Facilitation Demystified
- Not “standing at the flip chart capturing comments”—it’s about shaping both structure and “vibes.”
- “Everything that is true about your organization or about your OS is happening in the meeting.” – Rodney [37:10]
- Good facilitation is almost invisible—group feels progress without obvious steering. [40:26-41:45]
Key Moves & Approaches
- The facilitator’s job is to hold the outcome as the most important thing (not individual comfort).
- The macro (group culture, systems) appears in the micro (one meeting).
- Use of two-facilitator setups: one runs the session, the other captures/processes content. [40:02-40:26]
- Sensing when to deviate from the agenda based on group energy and need. [42:27]
Preparation and Relationship Building
- Prep calls with every attendee make a noticeable difference, especially in building trust and surfacing real group needs. [44:02-45:52]
- Short, pre-meeting chats help if prep calls aren't possible.
- Avoid overengineering the agenda to the point of rigidity. [46:31]
- Use what’s learned in prep to discover “leverage points” beneath the surface, not just stated agenda items. [47:00]
Mastery Advice
- “If you have five facilitation moves that always slap, do those a hundred times rather than trying to do a hundred things once.” - Rodney [51:15]
- Get comfortable improvising—prepare deeply, but also be ready to toss the plan.
- Use AI (GPT) as a sparring partner for agenda crafting. [50:38]
- Favorite facilitation resources: Liberating Structures (but note, “I probably use three liberating structures 90% of the time.” – Sam [50:07])
Notable Quotes & Moments
- “We are cake bakers… and what we find is a room full of people who did not ask for cake.” – Rodney [00:01, 22:00]

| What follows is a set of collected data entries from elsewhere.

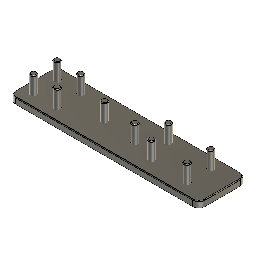
SHAPESpuzzle (Autodesk Fusion 360 design; units mm, degrees)
Autodesk Fusion 360 part; units mm, degrees
sketch "baseboard" plane through (0, 0, 0) normal (0, 0, 1) x (1, 0, 0) in component "base"
  line L0 (160, 40) -> (-160, 40)
  line L1 (-160, 40) -> (-160, -40)
  line L2 (-160, -40) -> (160, -40)
  line L3 (160, -40) -> (160, 40)
  line L4 (160, 40) -> (-160, -40) construction
  line L5 (-160, 40) -> (160, -40) construction
  line L6 (80, 40) -> (-80, 40) construction
  line L7 (-80, 40) -> (-80, -40) construction
  line L8 (-80, -40) -> (80, -40) construction
  line L9 (80, -40) -> (80, 40) construction
  line L10 (80, 40) -> (-80, -40) construction
  line L11 (-80, 40) -> (80, -40) construction
  line L12 (0, 40) -> (0, -40) construction
  line L13 (80, 40) -> (160, -40) construction
  line L14 (160, 40) -> (80, -40) construction
  line L15 (80, -40) -> (0, 40) construction
  line L16 (0, 40) -> (-80, -40) construction
  line L17 (-80, -40) -> (-160, 40) construction
  line L18 (-160, -40) -> (-80, 40) construction
  line L19 (-80, 40) -> (0, -40) construction
  line L20 (0, -40) -> (80, 40) construction
  circle A0 centre (-40, 0) radius 5
  line L21 (120, 40) -> (120, -40)
  circle A1 centre (120, 20) radius 5
  circle A2 centre (120, -20) radius 5
  circle A3 centre (56.3299, -16.3299) radius 5
  circle A4 centre (45.9772, 22.3071) radius 5
  circle A5 centre (17.6929, -5.9772) radius 5
  circle A6 centre (-100, -20) radius 5
  circle A7 centre (-100, 20) radius 5
  circle A8 centre (-140, 20) radius 5
  circle A9 centre (-140, -20) radius 5
  point P0 (120, 0)
  point P1 (-120, 0)
  point P2 (40, 0)
  dimension "d1" = 320
  dimension "d2" = 80
  dimension "d3" = 160
  dimension "d4" = 80
  dimension "d7" = 10
  dimension "d8" = 40
  dimension "d9" = 10
  dimension "d11" = 20
  dimension "d13" = 360
  dimension "d21" = 23.094
  dimension "d23" = 360
  dimension "d26" = 10
  dimension "d27" = 28.2843
  dimension "d29" = 360
  constraint horizontal L0
  constraint perpendicular L0 L1
  constraint parallel L0 L2
  constraint parallel L1 L3
  constraint coincident L4 origin
  constraint coincident L5 origin
  constraint horizontal L6
  constraint perpendicular L6 L7
  constraint parallel L6 L8
  constraint parallel L7 L9
  constraint coincident L10 origin
  constraint coincident L11 origin
  constraint midpoint L0 L12.start
  constraint midpoint L2 L12.end
  constraint midpoint L19 A0.centre
  constraint coincident L0 L21.start
  constraint coincident L2 L21.end
  constraint perpendicular L2 L21
  constraint coincident L21 A1.centre
  constraint midpoint L13 P0
  constraint midpoint L17 P1
  constraint coincident L15 A3.centre
  constraint midpoint L15 P2
  constraint coincident L17 A6.centre
  measures "d1" distance of L1.end L2.end
  measures "d2" distance of L0.end L1.end
  measures "d3" distance of L7.end L8.end
  measures "d4" distance of L6.end L7.end
  measures "d7" diameter of A0
  measures "d8" distance of L6.start L21.start
  measures "d9" diameter of A1
  measures "d11" distance of A1.centre P0
  measures "d21" distance of A3.centre P2
  measures "d26" diameter of A6
  measures "d27" distance of P1 A6.centre
extrude "Extrude1" add sketch "baseboard" along normal blind 10 contours L0 L2 L3 L21 A1 A2 | L0 L1 L2 L21 A1 A2 makes body 1 in component "base"
fillet "Fillet1" radius 10 4 edges at (-160, 40, 5) (-160, -40, 5) (160, -40, 5) (160, 40, 5) on bodies 1 in component "base"
ref_plane "WorkPlane2" through (0, 0, -40) normal (0, 0, 1) x (1, 0, 0) in component "base"
sketch "laser cutting" plane through (0, 0, -40) normal (0, 0, 1) x (1, 0, 0) in component "base"
  arc A0 (160, 30) -> (150, 40) centre (150, 30) ccw
  line L0 (150, 40) -> (-150, 40)
  arc A1 (-150, 40) -> (-160, 30) centre (-150, 30) ccw
  line L1 (-160, 30) -> (-160, -30)
  arc A2 (-160, -30) -> (-150, -40) centre (-150, -30) ccw
  line L2 (-150, -40) -> (150, -40)
  arc A3 (150, -40) -> (160, -30) centre (150, -30) ccw
  line L3 (160, -30) -> (160, 30)
  circle A4 centre (-100, 20) radius 5
  circle A5 centre (-40, 0) radius 5
  circle A6 centre (-140, 20) radius 5
  circle A7 centre (120, -20) radius 5
  circle A8 centre (56.3299, -16.3299) radius 5
  circle A9 centre (120, 20) radius 5
  circle A10 centre (-100, -20) radius 5
  circle A11 centre (17.6929, -5.9772) radius 5
  circle A12 centre (45.9772, 22.3071) radius 5
  circle A13 centre (-140, -20) radius 5
chamfer "Chamfer2" distance 1 angle 45 8 edges at (160, 0, 10) (157.0711, 37.0711, 10) (0, 40, 10) (-157.0711, 37.0711, 10) (-160, 0, 10) (-157.0711, -37.0711, 10) (0, -40, 10) (157.0711, -37.0711, 10) on bodies 1 in component "base"
extrude "Extrude1'" add sketch "baseboard" along normal blind 40 separate body contours L21 A1 | L21 A1 | L21 A2 | L21 A2 | A0 | A3 | A4 | A5 | A6 | A7 | A8 | A9 makes body 2 at (-95.0062, 19.7508, 26.6667) makes body 3 at (61.3237, -16.5792, 26.6667) makes body 4 at (-35.0062, -0.2492, 26.6667) makes body 5 at (-95.0062, -20.2492, 26.6667) makes body 6 at (124.9752, -19.5022, 26.6667) makes body 7 at (-135.0062, 19.7508, 26.6667) makes body 8 at (50.971, 22.0579, 26.6667) makes body 9 at (22.6867, -6.2264, 26.6667) makes body 10 at (-135.0062, -20.2492, 26.6667) makes body 11 at (124.9752, 20.4978, 26.6667) in component "pins"
chamfer "Chamfer1" distance 1 angle 45 10 edges at (115.3384, 18.1919, 40) (13.0313, -7.7852, 40) (-104.6616, 18.1919, 40) (-44.6616, -1.8081, 40) (41.3155, 20.499, 40) (-144.6616, 18.1919, 40) (51.6683, -18.138, 40) (-144.6616, -21.8081, 40) (115.3384, -21.8081, 40) (-104.6616, -21.8081, 40) on bodies 2 3 4 5 6 7 8 9 10 11 in component "pins"
component "base" placed x (1, 0, 0) y (0, 1, 0) z (0, 0, 1) at (0, 0, 0)
component "pins" placed x (1, 0, 0) y (0, 1, 0) z (0, 0, 1) at (0, 0, 0)
equation "d1 = unitSize * 4"
equation "d2 = unitSize"
equation "d3 = unitSize * 2"
equation "d4 = unitSize"
equation "unitSize = 80 mm"
equation "pinThickness = 10 mm"
equation "d7 = pinThickness"
equation "d8 = unitSize / 2"
equation "d9 = pinThickness"
equation "pinDistance = 40 mm"
equation "d11 = pinDistance / 2"
equation "d21 = tan(30 deg) * pinDistance"
equation "d26 = pinThickness"
equation "d27 = sqrt(2) * pinDistance / 2"
equation "roundingBase = 10 mm"
equation "chamferBase = 1 mm"
equation "roundingTile = 10 mm"
equation "chamferTile = 2 mm"
equation "d35 = roundingBase"
equation "d39 = chamferBase"
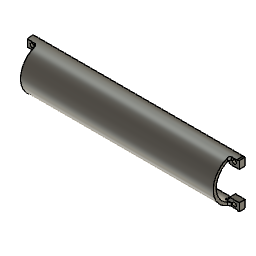
Cache cable (Autodesk Fusion 360 design; units mm, degrees)
Autodesk Fusion 360 part; units mm, degrees
sketch "Esquisse1" plane through (0, 0, 0) normal (1, 0, 0) x (0, 1, 0)
  circle A0 centre (0, 10) radius 10
  circle A1 centre (0, 10) radius 11.5
  line L0 (0, -1.5) -> (0, 21.5)
  dimension "d1" = 20
  dimension "d2" = 23
  constraint coincident origin A0
  constraint concentric A0 A1
  constraint coincident A1 L0.start
  constraint coincident A1 L0.end
  constraint vertical L0
  measures "d1" diameter of A0
  measures "d2" diameter of A1
extrude "Extrusion1" add sketch "Esquisse1" against normal blind 100 contours A0 A1 L0 picked at (-1.0681, 20.92)
sketch "Esquisse2" plane through (0, 0, 0) normal (0, 1, 0) x (1, 0, 0)
  line L0 (0, -21.5) -> (5, -21.5)
  line L1 (5, -21.5) -> (5, -17.5)
  line L2 (5, -17.5) -> (0, -17.5)
  line L3 (0, -17.5) -> (0, -21.5)
  line L4 (0, 1.5) -> (5, 1.5)
  line L5 (5, 1.5) -> (5, -2.5)
  line L6 (5, -2.5) -> (0, -2.5)
  line L7 (0, -2.5) -> (0, 1.5)
  circle A0 centre (2.5, -19.5) radius 1
  circle A1 centre (2.5, -0.5) radius 1
  line L8 (-100, -17.5) -> (-105, -17.5)
  line L9 (-105, -17.5) -> (-105, -21.5)
  line L10 (-105, -21.5) -> (-100, -21.5)
  line L11 (-100, -21.5) -> (-100, -17.5)
  line L12 (-100, 1.5) -> (-105, 1.5)
  line L13 (-105, 1.5) -> (-105, -2.5)
  line L14 (-105, -2.5) -> (-100, -2.5)
  line L15 (-100, -2.5) -> (-100, 1.5)
  circle A2 centre (-102.5, -19.5) radius 1
  circle A3 centre (-102.5, -0.5) radius 1
  dimension "d5" = 1.5
  dimension "d6" = 21.5
  dimension "d9" = 4
  dimension "d10" = 4
  dimension "d11" = 2
  dimension "d12" = 2
  dimension "d13" = 2.5
  dimension "d14" = 2
  dimension "d15" = 5
  dimension "d16" = 2.5
  dimension "d17" = 2
  dimension "d24" = 100
  dimension "d25" = 100
  dimension "d26" = 1.5
  dimension "d27" = 23
  dimension "d28" = 4
  dimension "d29" = 4
  dimension "d30" = 5
  dimension "d31" = 5
  dimension "d32" = 2
  dimension "d33" = 2
  dimension "d34" = 2.5
  dimension "d35" = 2
  dimension "d36" = 2.5
  dimension "d37" = 2
  constraint horizontal L0
  constraint vertical L1
  constraint horizontal L2
  constraint vertical L3
  constraint horizontal L4
  constraint vertical L5
  constraint horizontal L6
  constraint vertical L7
  constraint horizontal L8
  constraint vertical L9
  constraint horizontal L10
  constraint vertical L11
  constraint horizontal L12
  constraint vertical L13
  constraint horizontal L14
  constraint vertical L15
  measures "d5" distance of origin L4
  measures "d6" distance of origin L0
  measures "d9" distance of L4.end L5.end
  measures "d10" distance of L0.end L1.end
  measures "d11" diameter of A0
  measures "d12" diameter of A1
  measures "d13" distance of L5 A1.centre
  measures "d14" distance of L6 A1.centre
  measures "d15" distance of L4.start L5
  measures "d16" distance of L1 A0.centre
  measures "d17" vertical distance of L1.end A0.centre
  measures "d24" distance of origin L11
  measures "d25" distance of origin L15
  measures "d26" distance of origin L12
  measures "d27" distance of L10 L12
  measures "d28" distance of L8.end L9.end
  measures "d29" distance of L12.end L13.end
  measures "d30" distance of L9.end L10.end
  measures "d31" distance of L13.end L14.end
  measures "d32" diameter of A2
  measures "d33" distance of L10 A2.centre
  measures "d34" distance of L9 A2.centre
  measures "d35" diameter of A3
  measures "d36" distance of L13 A3.centre
  measures "d37" distance of L14 A3.centre
extrude "Extrusion2" add sketch "Esquisse2" against normal blind 3
fillet "Congé1" radius 2.5 1 edges at (0, -1.5176, 0.1158)
fillet "Congé2" radius 2.5 1 edges at (0, -1.5176, 19.8842)
fillet "Congé3" radius 1 2 edges at (0, -3, 20.3206) (0, -3, -0.3206)
fillet "Congé4" radius 2.5 1 edges at (-100, -1.5176, 19.8842)
fillet "Congé5" radius 2.5 1 edges at (-100, -1.5176, 0.1158)
fillet "Congé6" radius 1 2 edges at (-100, -3, 20.3206) (-100, -3, -0.3206)
sketch "Esquisse3" plane through (0, 0, 0) normal (1, 0, 0) x (0, 1, 0)
  circle A0 centre (0, 10) radius 11.5
  circle A1 centre (0, 10) radius 14.0357
  dimension "d44" = 10
  dimension "d45" = 23
  constraint concentric A0 A1
  measures "d44" distance of origin A0.centre
  measures "d45" diameter of A0
extrude "Extrusion3" cut sketch "Esquisse3" along normal blind -107 and the other way blind -4
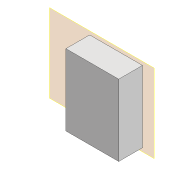
# Autodesk Inventor part: Base_isolante
Saved by Autodesk Inventor 2020 (Build 240168000, 168)
## iProperties
Created: 2022-07-16
Part Number: Base_isolante
Material: Genérico
Document SubType Name: Modeling
Designer: gabri
Density: 1 g/cm^3
Appearance: Padrão
Author: gabri
Autodesk Inventor part; units mm, degrees
ref_plane "YZ Plane" through (0, 0, 0) normal (1, 0, 0) x (0, 1, 0)
ref_plane "XZ Plane" through (0, 0, 0) normal (0, 1, 0) x (-1, 0, 0)
ref_plane "XY Plane" through (0, 0, 0) normal (0, 0, 1) x (1, 0, 0)
ref_plane "Plano de trabalho1" through (0, 0, 0) normal (0, 0, 1) x (1, 0, 0)
sketch "Esboço1" plane through (0, 0, 0) normal (0, 0, 1) x (1, 0, 0)
  arc A0 (98, -75) -> (100, -73) centre (98, -73) ccw projected
  line L0 (100, -73) -> (100, 73) projected
  arc A1 (100, 73) -> (98, 75) centre (98, 73) ccw projected
  line L1 (98, 75) -> (-98, 75) projected
  arc A2 (-98, 75) -> (-100, 73) centre (-98, 73) ccw projected
  line L2 (-100, 73) -> (-100, -73) projected
  arc A3 (-100, -73) -> (-98, -75) centre (-98, -73) ccw projected
  line L3 (-98, -75) -> (98, -75) projected
  line L4 (-25.7219, -75) -> (85.393, -75)
  line L5 (85.393, -75) -> (85.393, 75)
  line L6 (85.393, 75) -> (-25.7219, 75)
  line L7 (-25.7219, 75) -> (-25.7219, -75)
  point P0 (0, 0)
  constraints: 8 end point, 2 parallel, 2 point on line, 1 horizontal, 1 perpendicular
extrude "Extrusão1" add sketch "Esboço1" along normal blind 50 contours L3 L7 L1 L5

- “By cultivating mastery of these skills, you will be more able to do the kind of work design that is necessary and that we talk about on the show all the time.” – Rodney [05:15]
- “The pace of our interactions at work is just generally too fast. Like it just generally is. It’s too fast to be good.” – Rodney [19:18]
- “The ideas that we brought to market were the ideas that customers asked for, not the ideas that I thought were super neato.” – Rodney [28:33]
- “Facilitation should actually be almost invisible.” – Rodney [41:20]
- “Everything that is true about your organization… is happening in the meeting.” – Rodney [37:10]
- “If you have five facilitation moves that kind of always slap, do those a hundred times rather than trying to do a hundred things once.” – Rodney [51:15]
- “Metacognitive awareness… helps you avoid over-personalizing everything (‘I’m failing’) or over-externalizing everything (‘leadership sucks’). The reality lives in the gray in between.” – Sam [13:00]
Timestamps for Significant Segments
- Check-in & setup: 01:31-05:15
- Skill 1: Metacognitive awareness: 05:38-21:02
- Skill 2: User feedback / User-centered design: 21:05-34:32
- Skill 3: Expert facilitation: 34:33-52:10
Additional Insights
- The episode shows a strong alignment between introspective (personal skill-building) and collective (systems and structural change) approaches.
- Both hosts stress: mastery of these skills is not about ticking off a box, but about ongoing, deliberate practice and reflecting deeply on one’s own role in change and collaboration.
- Many frustrations at work (organizational or product failures) are traced to skipping the uncomfortable, slow, iterative parts of these skills.
In Summary
Rodney and Sam make a compelling case for focusing on three underappreciated but mission-critical personal skills for any modern change agent: being metacognitive about one’s own mind and group dynamics, genuinely centering the user in design processes, and mastering the art (and subtlety) of facilitation.
If you practice these three, you’re already ahead of the curve for whatever the future of work might bring.